YOUR GOAL:
Write out all of the records precisely. Skip anything that is a picture.

___ RECORDS FOR PROCESSING

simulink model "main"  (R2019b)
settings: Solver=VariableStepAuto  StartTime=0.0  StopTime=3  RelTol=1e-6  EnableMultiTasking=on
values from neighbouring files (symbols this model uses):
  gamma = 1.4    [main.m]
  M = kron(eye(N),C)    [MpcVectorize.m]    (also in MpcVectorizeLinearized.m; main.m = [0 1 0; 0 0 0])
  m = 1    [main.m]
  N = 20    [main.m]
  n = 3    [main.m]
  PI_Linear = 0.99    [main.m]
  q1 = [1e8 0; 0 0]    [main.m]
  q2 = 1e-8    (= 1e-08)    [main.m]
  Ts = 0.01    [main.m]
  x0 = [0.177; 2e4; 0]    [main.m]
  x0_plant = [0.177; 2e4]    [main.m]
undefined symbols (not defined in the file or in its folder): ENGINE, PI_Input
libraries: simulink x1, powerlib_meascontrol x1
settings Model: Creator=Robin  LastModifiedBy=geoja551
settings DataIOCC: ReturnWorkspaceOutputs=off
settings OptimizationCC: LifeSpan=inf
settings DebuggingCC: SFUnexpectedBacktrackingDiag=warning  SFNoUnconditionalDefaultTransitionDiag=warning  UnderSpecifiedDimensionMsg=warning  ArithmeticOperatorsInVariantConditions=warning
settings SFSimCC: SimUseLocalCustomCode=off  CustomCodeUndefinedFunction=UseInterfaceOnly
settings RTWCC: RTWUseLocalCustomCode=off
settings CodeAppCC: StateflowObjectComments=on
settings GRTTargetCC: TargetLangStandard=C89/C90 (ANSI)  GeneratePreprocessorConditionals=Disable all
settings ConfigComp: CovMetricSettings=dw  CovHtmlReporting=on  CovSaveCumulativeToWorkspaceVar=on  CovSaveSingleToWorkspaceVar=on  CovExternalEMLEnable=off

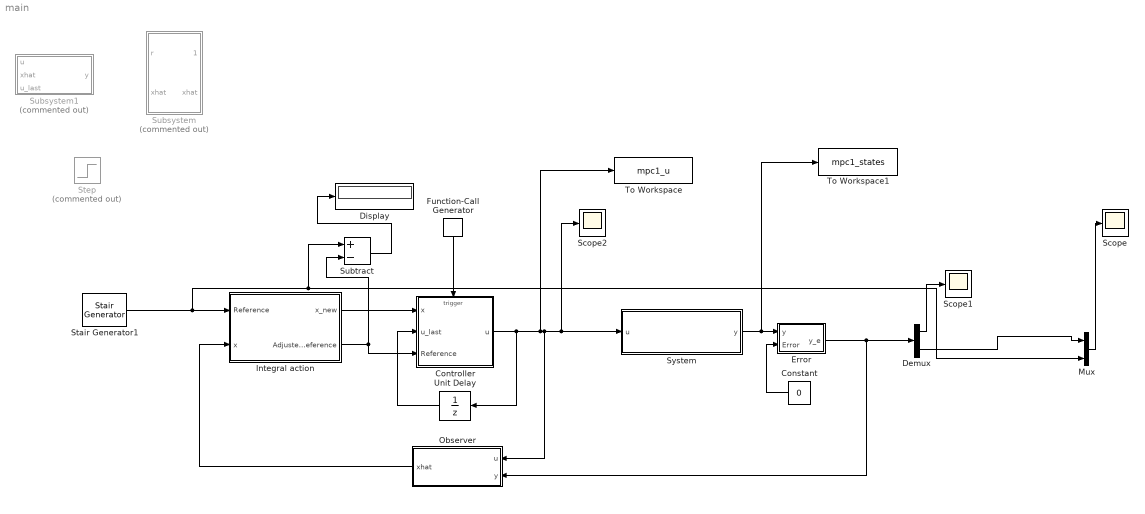
== system main ==
  Constant : Constant  Value=0
  Controller : Subsystem
  Demux : Demux  Outputs=2
  Display : Display
  Error : Subsystem
  Function-Call Generator : simulink/Ports & Subsystems/Function-Call Generator  sample_time=Ts  numberOfIterations=1
  Integral action : Subsystem
  Mux : Mux  Inputs=2
  Observer : Subsystem
  Scope : Scope
  Scope1 : Scope
  Scope2 : Scope
  Stair Generator1 : powerlib_meascontrol/Pulse & Signal Generators/Stair Generator  t=[0,1]  e=[ 2e4,8e4]  Ts=0
      settings: SourceProductName=Simscape Electrical
  Step : Step  Commented=on  Time=4  Before=2e4  After=6e4  SampleTime=0
  Subsystem : Subsystem  Commented=on
  Subsystem1 : Subsystem  Commented=on
  Subtract : Sum  Inputs=+-
  System : Subsystem
  To Workspace : ToWorkspace  VariableName=mpc1_u  SaveFormat=Structure With Time  SampleTime=-1
  To Workspace1 : ToWorkspace  VariableName=mpc1_states  SaveFormat=Structure With Time  SampleTime=-1
  Unit Delay : UnitDelay  InitialCondition=x0(1)  SampleTime=Ts  HasFrameUpgradeWarning=on
  wires:
  Function-Call Generator/1 -> Controller/Trigger
  Unit Delay/1 -> Controller/2(u_last)
  Controller/1(u) -> To Workspace/1, Scope2/1, System/1(u), Observer/1(u), Unit Delay/1
  System/1(y) -> To Workspace1/1, Error/1(y)
  Error/1(y_e) -> Demux/1, Observer/2(y)
  Constant/1 -> Error/2(Error)
  Integral action/2(Adjusted Reference) -> Subtract/2, Controller/3(Reference)
  Observer/1(xhat) -> Integral action/2(x)
  Integral action/1(x_new) -> Controller/1(x)
  Demux/2 -> Mux/1
  Demux/1 -> Scope1/1
  Mux/1 -> Scope/1
  Stair Generator1/1 -> Subtract/1, Mux/2, Integral action/1(Reference)
  Subtract/1 -> Display/1

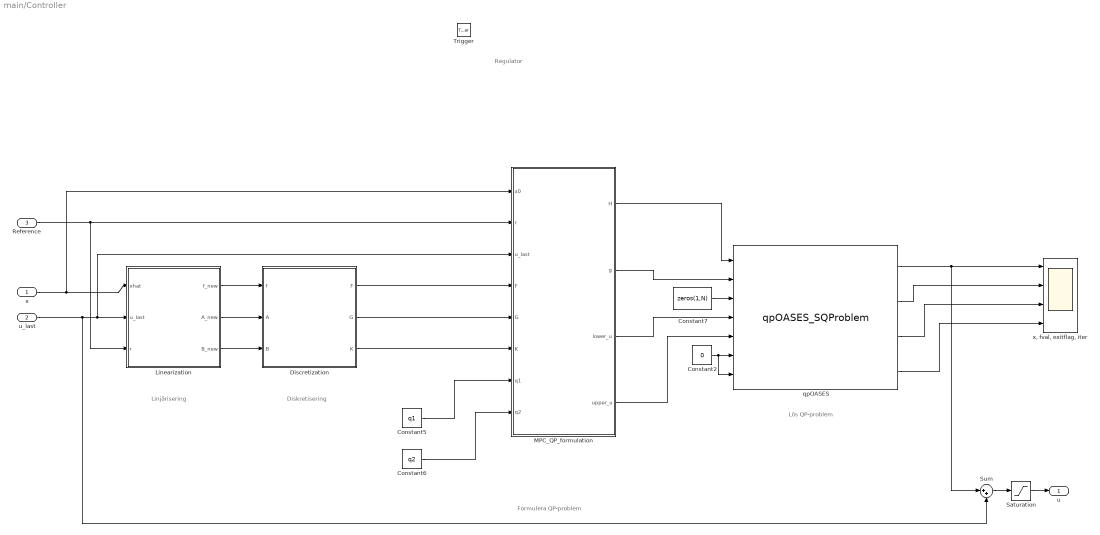
== system main/Controller ==
  note: Diskretisering
  note: Regulator
  note: Formulera QP-problem
  note: Lös QP-problem
  note: Linjärisering
  x : Inport
  u_last : Inport  Port=2  PortDimensions=1
  Reference : Inport  Port=3
  Trigger : TriggerPort  TriggerType=function-call  VariantControl=Variant  PortDimensions=1
  Constant2 : Constant  Value=0
  Constant5 : Constant  Value=q1
  Constant6 : Constant  Value=q2
  Constant7 : Constant  Value=zeros(1,N)
  Discretization : MATLAB Function  TreatAsAtomicUnit=on
  Linearization : MATLAB Function  TreatAsAtomicUnit=on
  MPC_QP_formulation : MATLAB Function  TreatAsAtomicUnit=on
  Saturation : Saturate  UpperLimit=1  LowerLimit=0
  Sum : Sum  Inputs=|++
  qpOASES : S-Function  FunctionName=qpOASES_SQProblem  SFunctionDeploymentMode=off  EnableBusSupport=off
  "x, fval, exitflag, iter" : Scope  NumInputPorts=4
  u : Outport
  wires:
  Linearization/2(A_new) -> Discretization/2(A)
  Linearization/3(B_new) -> Discretization/3(B)
  Discretization/1(F) -> MPC_QP_formulation/4(F)
  Discretization/2(G) -> MPC_QP_formulation/5(G)
  Constant6/1 -> MPC_QP_formulation/8(q2)
  Constant5/1 -> MPC_QP_formulation/7(q1)
  qpOASES/1 -> Sum/1, "x, fval, exitflag, iter"/1
  qpOASES/2 -> "x, fval, exitflag, iter"/2
  qpOASES/3 -> "x, fval, exitflag, iter"/3
  qpOASES/4 -> "x, fval, exitflag, iter"/4
  MPC_QP_formulation/2(g) -> qpOASES/2
  Constant7/1 -> qpOASES/3
  MPC_QP_formulation/3(lower_u) -> qpOASES/4
  MPC_QP_formulation/4(upper_u) -> qpOASES/5
  MPC_QP_formulation/1(H) -> qpOASES/1
  Constant2/1 -> qpOASES/7, qpOASES/6
  x/1 -> MPC_QP_formulation/1(x0), Linearization/1(xhat)
  u_last/1 -> Sum/2, Linearization/2(u_last), MPC_QP_formulation/3(u_last)
  Discretization/3(K) -> MPC_QP_formulation/6(K)
  Reference/1 -> Linearization/3(r), MPC_QP_formulation/2(r)
  Linearization/1(f_new) -> Discretization/1(f)
  Saturation/1 -> u/1
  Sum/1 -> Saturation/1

______

RESPONSE TO THIS EXERCISE:
simulink model "main"  (R2019b)
settings: Solver=VariableStepAuto  StartTime=0.0  StopTime=3  RelTol=1e-6  EnableMultiTasking=on
values from neighbouring files (symbols this model uses):
  gamma = 1.4    [main.m]
  M = kron(eye(N),C)    [MpcVectorize.m]    (also in MpcVectorizeLinearized.m; main.m = [0 1 0; 0 0 0])
  m = 1    [main.m]
  N = 20    [main.m]
  n = 3    [main.m]
  PI_Linear = 0.99    [main.m]
  q1 = [1e8 0; 0 0]    [main.m]
  q2 = 1e-8    (= 1e-08)    [main.m]
  Ts = 0.01    [main.m]
  x0 = [0.177; 2e4; 0]    [main.m]
  x0_plant = [0.177; 2e4]    [main.m]
undefined symbols (not defined in the file or in its folder): ENGINE, PI_Input
libraries: simulink x1, powerlib_meascontrol x1
settings Model: Creator=Robin  LastModifiedBy=geoja551
settings DataIOCC: ReturnWorkspaceOutputs=off
settings OptimizationCC: LifeSpan=inf
settings DebuggingCC: SFUnexpectedBacktrackingDiag=warning  SFNoUnconditionalDefaultTransitionDiag=warning  UnderSpecifiedDimensionMsg=warning  ArithmeticOperatorsInVariantConditions=warning
settings SFSimCC: SimUseLocalCustomCode=off  CustomCodeUndefinedFunction=UseInterfaceOnly
settings RTWCC: RTWUseLocalCustomCode=off
settings CodeAppCC: StateflowObjectComments=on
settings GRTTargetCC: TargetLangStandard=C89/C90 (ANSI)  GeneratePreprocessorConditionals=Disable all
settings ConfigComp: CovMetricSettings=dw  CovHtmlReporting=on  CovSaveCumulativeToWorkspaceVar=on  CovSaveSingleToWorkspaceVar=on  CovExternalEMLEnable=off

== system main ==
  Constant : Constant  Value=0
  Controller : Subsystem
  Demux : Demux  Outputs=2
  Display : Display
  Error : Subsystem
  Function-Call Generator : simulink/Ports & Subsystems/Function-Call Generator  sample_time=Ts  numberOfIterations=1
  Integral action : Subsystem
  Mux : Mux  Inputs=2
  Observer : Subsystem
  Scope : Scope
  Scope1 : Scope
  Scope2 : Scope
  Stair Generator1 : powerlib_meascontrol/Pulse & Signal Generators/Stair Generator  t=[0,1]  e=[ 2e4,8e4]  Ts=0
      settings: SourceProductName=Simscape Electrical
  Step : Step  Commented=on  Time=4  Before=2e4  After=6e4  SampleTime=0
  Subsystem : Subsystem  Commented=on
  Subsystem1 : Subsystem  Commented=on
  Subtract : Sum  Inputs=+-
  System : Subsystem
  To Workspace : ToWorkspace  VariableName=mpc1_u  SaveFormat=Structure With Time  SampleTime=-1
  To Workspace1 : ToWorkspace  VariableName=mpc1_states  SaveFormat=Structure With Time  SampleTime=-1
  Unit Delay : UnitDelay  InitialCondition=x0(1)  SampleTime=Ts  HasFrameUpgradeWarning=on
  wires:
  Function-Call Generator/1 -> Controller/Trigger
  Unit Delay/1 -> Controller/2(u_last)
  Controller/1(u) -> To Workspace/1, Scope2/1, System/1(u), Observer/1(u), Unit Delay/1
  System/1(y) -> To Workspace1/1, Error/1(y)
  Error/1(y_e) -> Demux/1, Observer/2(y)
  Constant/1 -> Error/2(Error)
  Integral action/2(Adjusted Reference) -> Subtract/2, Controller/3(Reference)
  Observer/1(xhat) -> Integral action/2(x)
  Integral action/1(x_new) -> Controller/1(x)
  Demux/2 -> Mux/1
  Demux/1 -> Scope1/1
  Mux/1 -> Scope/1
  Stair Generator1/1 -> Subtract/1, Mux/2, Integral action/1(Reference)
  Subtract/1 -> Display/1

== system main/Controller ==
  note: Diskretisering
  note: Regulator
  note: Formulera QP-problem
  note: Lös QP-problem
  note: Linjärisering
  x : Inport
  u_last : Inport  Port=2  PortDimensions=1
  Reference : Inport  Port=3
  Trigger : TriggerPort  TriggerType=function-call  VariantControl=Variant  PortDimensions=1
  Constant2 : Constant  Value=0
  Constant5 : Constant  Value=q1
  Constant6 : Constant  Value=q2
  Constant7 : Constant  Value=zeros(1,N)
  Discretization : MATLAB Function  TreatAsAtomicUnit=on
  Linearization : MATLAB Function  TreatAsAtomicUnit=on
  MPC_QP_formulation : MATLAB Function  TreatAsAtomicUnit=on
  Saturation : Saturate  UpperLimit=1  LowerLimit=0
  Sum : Sum  Inputs=|++
  qpOASES : S-Function  FunctionName=qpOASES_SQProblem  SFunctionDeploymentMode=off  EnableBusSupport=off
  "x, fval, exitflag, iter" : Scope  NumInputPorts=4
  u : Outport
  wires:
  Linearization/2(A_new) -> Discretization/2(A)
  Linearization/3(B_new) -> Discretization/3(B)
  Discretization/1(F) -> MPC_QP_formulation/4(F)
  Discretization/2(G) -> MPC_QP_formulation/5(G)
  Constant6/1 -> MPC_QP_formulation/8(q2)
  Constant5/1 -> MPC_QP_formulation/7(q1)
  qpOASES/1 -> Sum/1, "x, fval, exitflag, iter"/1
  qpOASES/2 -> "x, fval, exitflag, iter"/2
  qpOASES/3 -> "x, fval, exitflag, iter"/3
  qpOASES/4 -> "x, fval, exitflag, iter"/4
  MPC_QP_formulation/2(g) -> qpOASES/2
  Constant7/1 -> qpOASES/3
  MPC_QP_formulation/3(lower_u) -> qpOASES/4
  MPC_QP_formulation/4(upper_u) -> qpOASES/5
  MPC_QP_formulation/1(H) -> qpOASES/1
  Constant2/1 -> qpOASES/7, qpOASES/6
  x/1 -> MPC_QP_formulation/1(x0), Linearization/1(xhat)
  u_last/1 -> Sum/2, Linearization/2(u_last), MPC_QP_formulation/3(u_last)
  Discretization/3(K) -> MPC_QP_formulation/6(K)
  Reference/1 -> Linearization/3(r), MPC_QP_formulation/2(r)
  Linearization/1(f_new) -> Discretization/1(f)
  Saturation/1 -> u/1
  Sum/1 -> Saturation/1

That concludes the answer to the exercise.